* [TASK PROMPT]: The following entries should be restated word for word, pictures excluded.

Records from a collection:
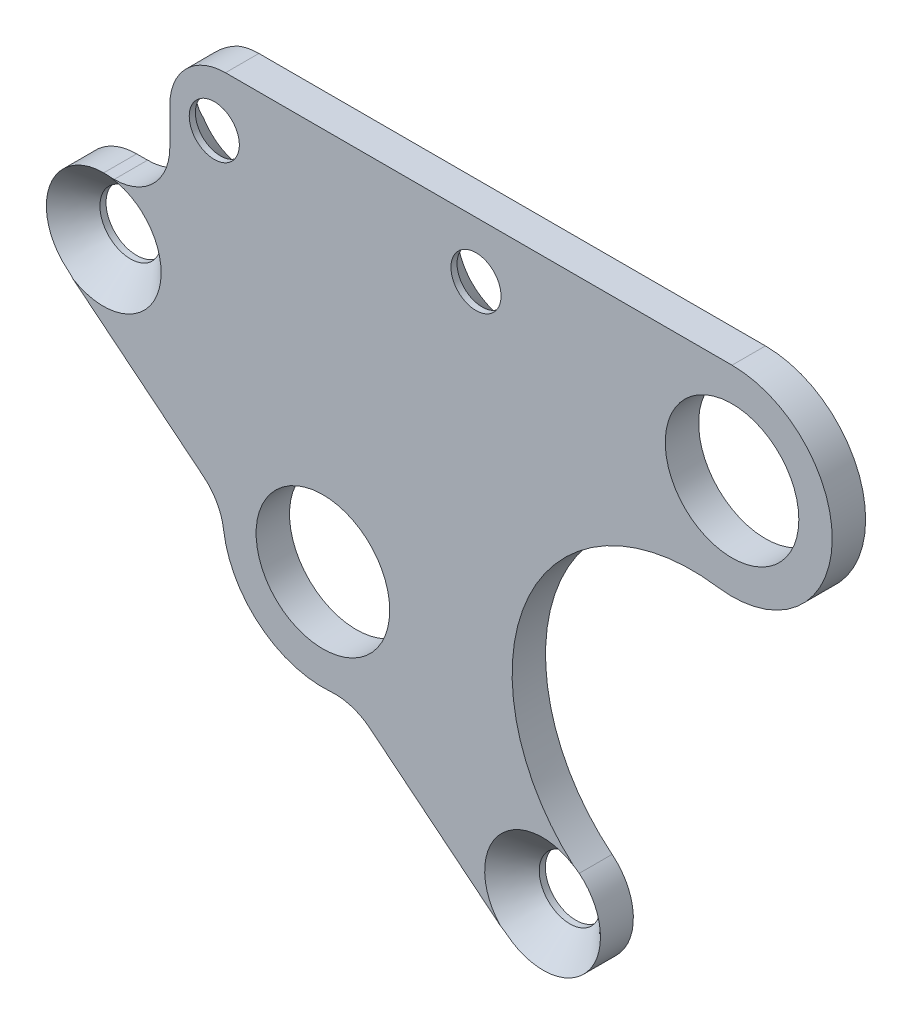
SolidWorks part; units mm, degrees
material "6061-T6 (SS)"
ref_plane "Front Plane" through (0, 0, 0) normal (0, 0, 1) x (1, 0, 0)
ref_plane "Top Plane" through (0, 0, 0) normal (0, 1, 0) x (1, 0, 0)
ref_plane "Right Plane" through (0, 0, 0) normal (1, 0, 0) x (0, 0, -1)
sketch "Sketch1" plane through (0, 0, 0) normal (0, 0, 1) x (1, 0, 0)
  line L0 (-19.7311, 15.9951) -> (19.7311, -15.9951) construction
  line L1 (0, 0) -> (33.7047, 7.1273) construction
  line L2 (-19.7311, 15.9951) -> (19.7311, -15.9951) construction
  line L3 (-16.4849, 19.9996) -> (22.9774, -11.9906) construction
  line L4 (-22.9774, 11.9906) -> (16.4849, -19.9996) construction
  line L5 (0, -25.4) -> (-50000, -25.4) construction
  line L6 (0, 0) -> (0, 34.45) construction
  line L7 (16.4849, -19.9996) -> (2.4846, -8.6502)
  line L8 (-22.9774, 11.9906) -> (-8.9771, 0.6413)
  line L9 (-14.0654, 21.1501) -> (-13.75, 21.1501)
  line L10 (-13.75, 34.45) -> (13.75, 34.45)
  line L11 (-13.75, 34.45) -> (-13.75, 21.1501)
  line L12 (-13.75, 0) -> (13.75, 0) construction
  line L13 (13.75, 34.45) -> (13.75, 0) construction
  line L14 (-13.75, 34.45) -> (13.75, 0) construction
  line L15 (-13.75, 0) -> (13.75, 34.45) construction
  line L16 (-13.75, 21.5558) -> (-13.75, 34.45) construction
  line L17 (-13.75, 34.45) -> (13.75, 34.45) construction
  line L18 (13.75, 34.45) -> (36.75, 34.45)
  line L20 (-19.7311, 21.1501) -> (-14.0654, 21.1501)
  line L23 (-13.75, 21.1501) -> (-13.75, 21.3564) construction
  line L24 (-13.75, 21.3564) -> (-13.75, 21.5558) construction
  line L25 (-13.75, 21.1501) -> (-13.75, 17.7825) construction
  line L26 (-13.75, 11.1465) -> (-13.75, 7.2622) construction
  line L27 (-13.75, 17.7825) -> (-13.75, 11.1465) construction
  line L28 (-13.75, 4.5104) -> (-13.75, 0) construction
  line L29 (-13.75, 7.2622) -> (-13.75, 4.5104) construction
  circle A0 centre (0, 0) radius 25.4 construction
  circle A1 centre (0, 0) radius 15.55 construction
  arc A2 (-16.4849, 19.9996) -> (-22.9774, 11.9906) centre (-19.7311, 15.9951) ccw construction
  arc A3 (16.4849, -19.9996) -> (22.9774, -11.9906) centre (19.7311, -15.9951) ccw construction
  circle A4 centre (-19.7311, 15.9951) radius 2
  circle A5 centre (19.7311, -15.9951) radius 2
  circle A6 centre (0, 0) radius 6
  arc A7 (-8.9771, 0.6413) -> (2.4846, -8.6502) centre (0, 0) ccw
  arc A8 (-22.9774, 11.9906) -> (-19.7311, 21.1501) centre (-19.7311, 15.9951) cw
  circle A9 centre (36.75, 25.45) radius 6
  arc A11 (22.9774, -11.9906) -> (16.4849, -19.9996) centre (19.7311, -15.9951) cw
  arc A14 (-6.9913, 5.6675) -> (-8.9771, 0.6413) centre (0, 0) ccw construction
  circle A15 centre (0, 0) radius 9 construction
  arc A16 (-2.4846, 8.6502) -> (-6.9913, 5.6675) centre (0, 0) ccw construction
  arc A17 (8.8053, 1.862) -> (0, 9) centre (0, 0) ccw construction
  arc A18 (0, 9) -> (-2.4846, 8.6502) centre (0, 0) ccw construction
  arc A19 (9, 0) -> (8.8053, 1.862) centre (0, 0) ccw construction
  arc A20 (8.9771, -0.6413) -> (9, 0) centre (0, 0) ccw construction
  arc A21 (6.9913, -5.6675) -> (8.9771, -0.6413) centre (0, 0) ccw construction
  arc A22 (2.4846, -8.6502) -> (6.9913, -5.6675) centre (0, 0) ccw construction
  arc A25 (36.75, 34.45) -> (35.4615, 16.5427) centre (36.75, 25.45) cw
  arc A26 (22.9774, -11.9906) -> (35.4615, 16.5427) centre (33.1489, 0.5568) cw
  point P6 (0, 0)
  point P8 (0, 0)
  point P29 (0, 17.225)
  dimension "D1" = 50.8
  dimension "D4" = 31.1
  dimension "D5" = 50
  dimension "D7" = 4
  dimension "D9" = 12
  dimension "D12" = 3
  dimension "D13" = 12
  dimension "D2" = 50.8
  dimension "D3" = 50.97
  dimension "D6" = 10.31
  dimension "D8" = 50.97
  dimension "D11" = 27.5
  dimension "D14" = 17
  dimension "D10" = 3
extrude "Boss-Extrude1" add sketch "Sketch1" along normal blind 3
fillet "Fillet1" radius 5 4 edges at (-8.9771, 0.6413, 1.5) (2.4846, -8.6502, 1.5) (-13.75, 21.1501, 1.5) (-13.75, 34.45, 1.5)
hole_wizard "CSK for M4 Countersunk Flat Head Screw1" positions "Sketch2" profile "Sketch3" countersink size "M4" standard "ISO" end condition through all
sketch "Sketch2" plane through (0, 0, 0) normal (0, 0, 1) x (1, 0, 0)
  line L0 (13.75, 34.45) -> (13.75, 0) construction
  line L1 (-13.75, 34.45) -> (13.75, 0) construction
  line L2 (-13.75, 34.45) -> (13.75, 34.45) construction
  line L3 (13.75, 34.45) -> (36.75, 34.45) construction
  point P0 (13.75, 29.45)
  point P4 (-9.7587, 29.45)
  point P12 (13.75, 28.2863)
  dimension "D1" = 5
  dimension "D2" = 5
sketch "Sketch3" plane through (13.75, 29.45, 0) normal (1, 0, 0) x (0, 1, 0)
  line L0 (0, 0) -> (0, 3)
  line L1 (0, 3) -> (2.25, 3)
  line L2 (2.25, 3) -> (2.25, 2.45)
  line L3 (2.25, 2.45) -> (4.7, 0)
  line L5 (4.7, 0) -> (0, 0)
  line L6 (-2.25, 2.45) -> (-4.7, 0) construction
  line L11 (0, -6.35) -> (0, 107.95) construction
  dimension "Thru Hole Dia." = 4.5
  dimension "Thru Hole Depth" = 3
  dimension "Near C'Sink Dia." = 9.4
  dimension "Near C'Sink Angle" = 90
hole_wizard "CSK for M5 Countersunk Flat Head Screw1" positions "Sketch5" profile "Sketch6" countersink size "M5" standard "ISO" end condition through all
sketch "Sketch5" plane through (0, 0, 3) normal (0, 0, -1) x (-1, 0, 0)
  point P0 (19.7311, 15.9951)
  point P3 (-19.7311, -15.9951)
sketch "Sketch6" plane through (-19.7311, 15.9951, 3) normal (1, 0, 0) x (0, -1, 0)
  line L0 (0, 0) -> (0, 3)
  line L1 (0, 3) -> (2.75, 3)
  line L2 (2.75, 3) -> (2.75, 2.45)
  line L3 (2.75, 2.45) -> (5.2, 0)
  line L5 (5.2, 0) -> (0, 0)
  line L6 (-2.75, 2.45) -> (-5.2, 0) construction
  line L11 (0, -6.35) -> (0, 107.95) construction
  dimension "Thru Hole Dia." = 5.5
  dimension "Thru Hole Depth" = 3
  dimension "Near C'Sink Dia." = 10.4
  dimension "Near C'Sink Angle" = 90

* [WRITTEN SOLUTION]:
SolidWorks part; units mm, degrees
material "6061-T6 (SS)"
ref_plane "Front Plane" through (0, 0, 0) normal (0, 0, 1) x (1, 0, 0)
ref_plane "Top Plane" through (0, 0, 0) normal (0, 1, 0) x (1, 0, 0)
ref_plane "Right Plane" through (0, 0, 0) normal (1, 0, 0) x (0, 0, -1)
sketch "Sketch1" plane through (0, 0, 0) normal (0, 0, 1) x (1, 0, 0)
  line L0 (-19.7311, 15.9951) -> (19.7311, -15.9951) construction
  line L1 (0, 0) -> (33.7047, 7.1273) construction
  line L2 (-19.7311, 15.9951) -> (19.7311, -15.9951) construction
  line L3 (-16.4849, 19.9996) -> (22.9774, -11.9906) construction
  line L4 (-22.9774, 11.9906) -> (16.4849, -19.9996) construction
  line L5 (0, -25.4) -> (-50000, -25.4) construction
  line L6 (0, 0) -> (0, 34.45) construction
  line L7 (16.4849, -19.9996) -> (2.4846, -8.6502)
  line L8 (-22.9774, 11.9906) -> (-8.9771, 0.6413)
  line L9 (-14.0654, 21.1501) -> (-13.75, 21.1501)
  line L10 (-13.75, 34.45) -> (13.75, 34.45)
  line L11 (-13.75, 34.45) -> (-13.75, 21.1501)
  line L12 (-13.75, 0) -> (13.75, 0) construction
  line L13 (13.75, 34.45) -> (13.75, 0) construction
  line L14 (-13.75, 34.45) -> (13.75, 0) construction
  line L15 (-13.75, 0) -> (13.75, 34.45) construction
  line L16 (-13.75, 21.5558) -> (-13.75, 34.45) construction
  line L17 (-13.75, 34.45) -> (13.75, 34.45) construction
  line L18 (13.75, 34.45) -> (36.75, 34.45)
  line L20 (-19.7311, 21.1501) -> (-14.0654, 21.1501)
  line L23 (-13.75, 21.1501) -> (-13.75, 21.3564) construction
  line L24 (-13.75, 21.3564) -> (-13.75, 21.5558) construction
  line L25 (-13.75, 21.1501) -> (-13.75, 17.7825) construction
  line L26 (-13.75, 11.1465) -> (-13.75, 7.2622) construction
  line L27 (-13.75, 17.7825) -> (-13.75, 11.1465) construction
  line L28 (-13.75, 4.5104) -> (-13.75, 0) construction
  line L29 (-13.75, 7.2622) -> (-13.75, 4.5104) construction
  circle A0 centre (0, 0) radius 25.4 construction
  circle A1 centre (0, 0) radius 15.55 construction
  arc A2 (-16.4849, 19.9996) -> (-22.9774, 11.9906) centre (-19.7311, 15.9951) ccw construction
  arc A3 (16.4849, -19.9996) -> (22.9774, -11.9906) centre (19.7311, -15.9951) ccw construction
  circle A4 centre (-19.7311, 15.9951) radius 2
  circle A5 centre (19.7311, -15.9951) radius 2
  circle A6 centre (0, 0) radius 6
  arc A7 (-8.9771, 0.6413) -> (2.4846, -8.6502) centre (0, 0) ccw
  arc A8 (-22.9774, 11.9906) -> (-19.7311, 21.1501) centre (-19.7311, 15.9951) cw
  circle A9 centre (36.75, 25.45) radius 6
  arc A11 (22.9774, -11.9906) -> (16.4849, -19.9996) centre (19.7311, -15.9951) cw
  arc A14 (-6.9913, 5.6675) -> (-8.9771, 0.6413) centre (0, 0) ccw construction
  circle A15 centre (0, 0) radius 9 construction
  arc A16 (-2.4846, 8.6502) -> (-6.9913, 5.6675) centre (0, 0) ccw construction
  arc A17 (8.8053, 1.862) -> (0, 9) centre (0, 0) ccw construction
  arc A18 (0, 9) -> (-2.4846, 8.6502) centre (0, 0) ccw construction
  arc A19 (9, 0) -> (8.8053, 1.862) centre (0, 0) ccw construction
  arc A20 (8.9771, -0.6413) -> (9, 0) centre (0, 0) ccw construction
  arc A21 (6.9913, -5.6675) -> (8.9771, -0.6413) centre (0, 0) ccw construction
  arc A22 (2.4846, -8.6502) -> (6.9913, -5.6675) centre (0, 0) ccw construction
  arc A25 (36.75, 34.45) -> (35.4615, 16.5427) centre (36.75, 25.45) cw
  arc A26 (22.9774, -11.9906) -> (35.4615, 16.5427) centre (33.1489, 0.5568) cw
  point P6 (0, 0)
  point P8 (0, 0)
  point P29 (0, 17.225)
  dimension "D1" = 50.8
  dimension "D4" = 31.1
  dimension "D5" = 50
  dimension "D7" = 4
  dimension "D9" = 12
  dimension "D12" = 3
  dimension "D13" = 12
  dimension "D2" = 50.8
  dimension "D3" = 50.97
  dimension "D6" = 10.31
  dimension "D8" = 50.97
  dimension "D11" = 27.5
  dimension "D14" = 17
  dimension "D10" = 3
extrude "Boss-Extrude1" add sketch "Sketch1" along normal blind 3
fillet "Fillet1" radius 5 4 edges at (-8.9771, 0.6413, 1.5) (2.4846, -8.6502, 1.5) (-13.75, 21.1501, 1.5) (-13.75, 34.45, 1.5)
hole_wizard "CSK for M4 Countersunk Flat Head Screw1" positions "Sketch2" profile "Sketch3" countersink size "M4" standard "ISO" end condition through all
sketch "Sketch2" plane through (0, 0, 0) normal (0, 0, 1) x (1, 0, 0)
  line L0 (13.75, 34.45) -> (13.75, 0) construction
  line L1 (-13.75, 34.45) -> (13.75, 0) construction
  line L2 (-13.75, 34.45) -> (13.75, 34.45) construction
  line L3 (13.75, 34.45) -> (36.75, 34.45) construction
  point P0 (13.75, 29.45)
  point P4 (-9.7587, 29.45)
  point P12 (13.75, 28.2863)
  dimension "D1" = 5
  dimension "D2" = 5
sketch "Sketch3" plane through (13.75, 29.45, 0) normal (1, 0, 0) x (0, 1, 0)
  line L0 (0, 0) -> (0, 3)
  line L1 (0, 3) -> (2.25, 3)
  line L2 (2.25, 3) -> (2.25, 2.45)
  line L3 (2.25, 2.45) -> (4.7, 0)
  line L5 (4.7, 0) -> (0, 0)
  line L6 (-2.25, 2.45) -> (-4.7, 0) construction
  line L11 (0, -6.35) -> (0, 107.95) construction
  dimension "Thru Hole Dia." = 4.5
  dimension "Thru Hole Depth" = 3
  dimension "Near C'Sink Dia." = 9.4
  dimension "Near C'Sink Angle" = 90
hole_wizard "CSK for M5 Countersunk Flat Head Screw1" positions "Sketch5" profile "Sketch6" countersink size "M5" standard "ISO" end condition through all
sketch "Sketch5" plane through (0, 0, 3) normal (0, 0, -1) x (-1, 0, 0)
  point P0 (19.7311, 15.9951)
  point P3 (-19.7311, -15.9951)
sketch "Sketch6" plane through (-19.7311, 15.9951, 3) normal (1, 0, 0) x (0, -1, 0)
  line L0 (0, 0) -> (0, 3)
  line L1 (0, 3) -> (2.75, 3)
  line L2 (2.75, 3) -> (2.75, 2.45)
  line L3 (2.75, 2.45) -> (5.2, 0)
  line L5 (5.2, 0) -> (0, 0)
  line L6 (-2.75, 2.45) -> (-5.2, 0) construction
  line L11 (0, -6.35) -> (0, 107.95) construction
  dimension "Thru Hole Dia." = 5.5
  dimension "Thru Hole Depth" = 3
  dimension "Near C'Sink Dia." = 10.4
  dimension "Near C'Sink Angle" = 90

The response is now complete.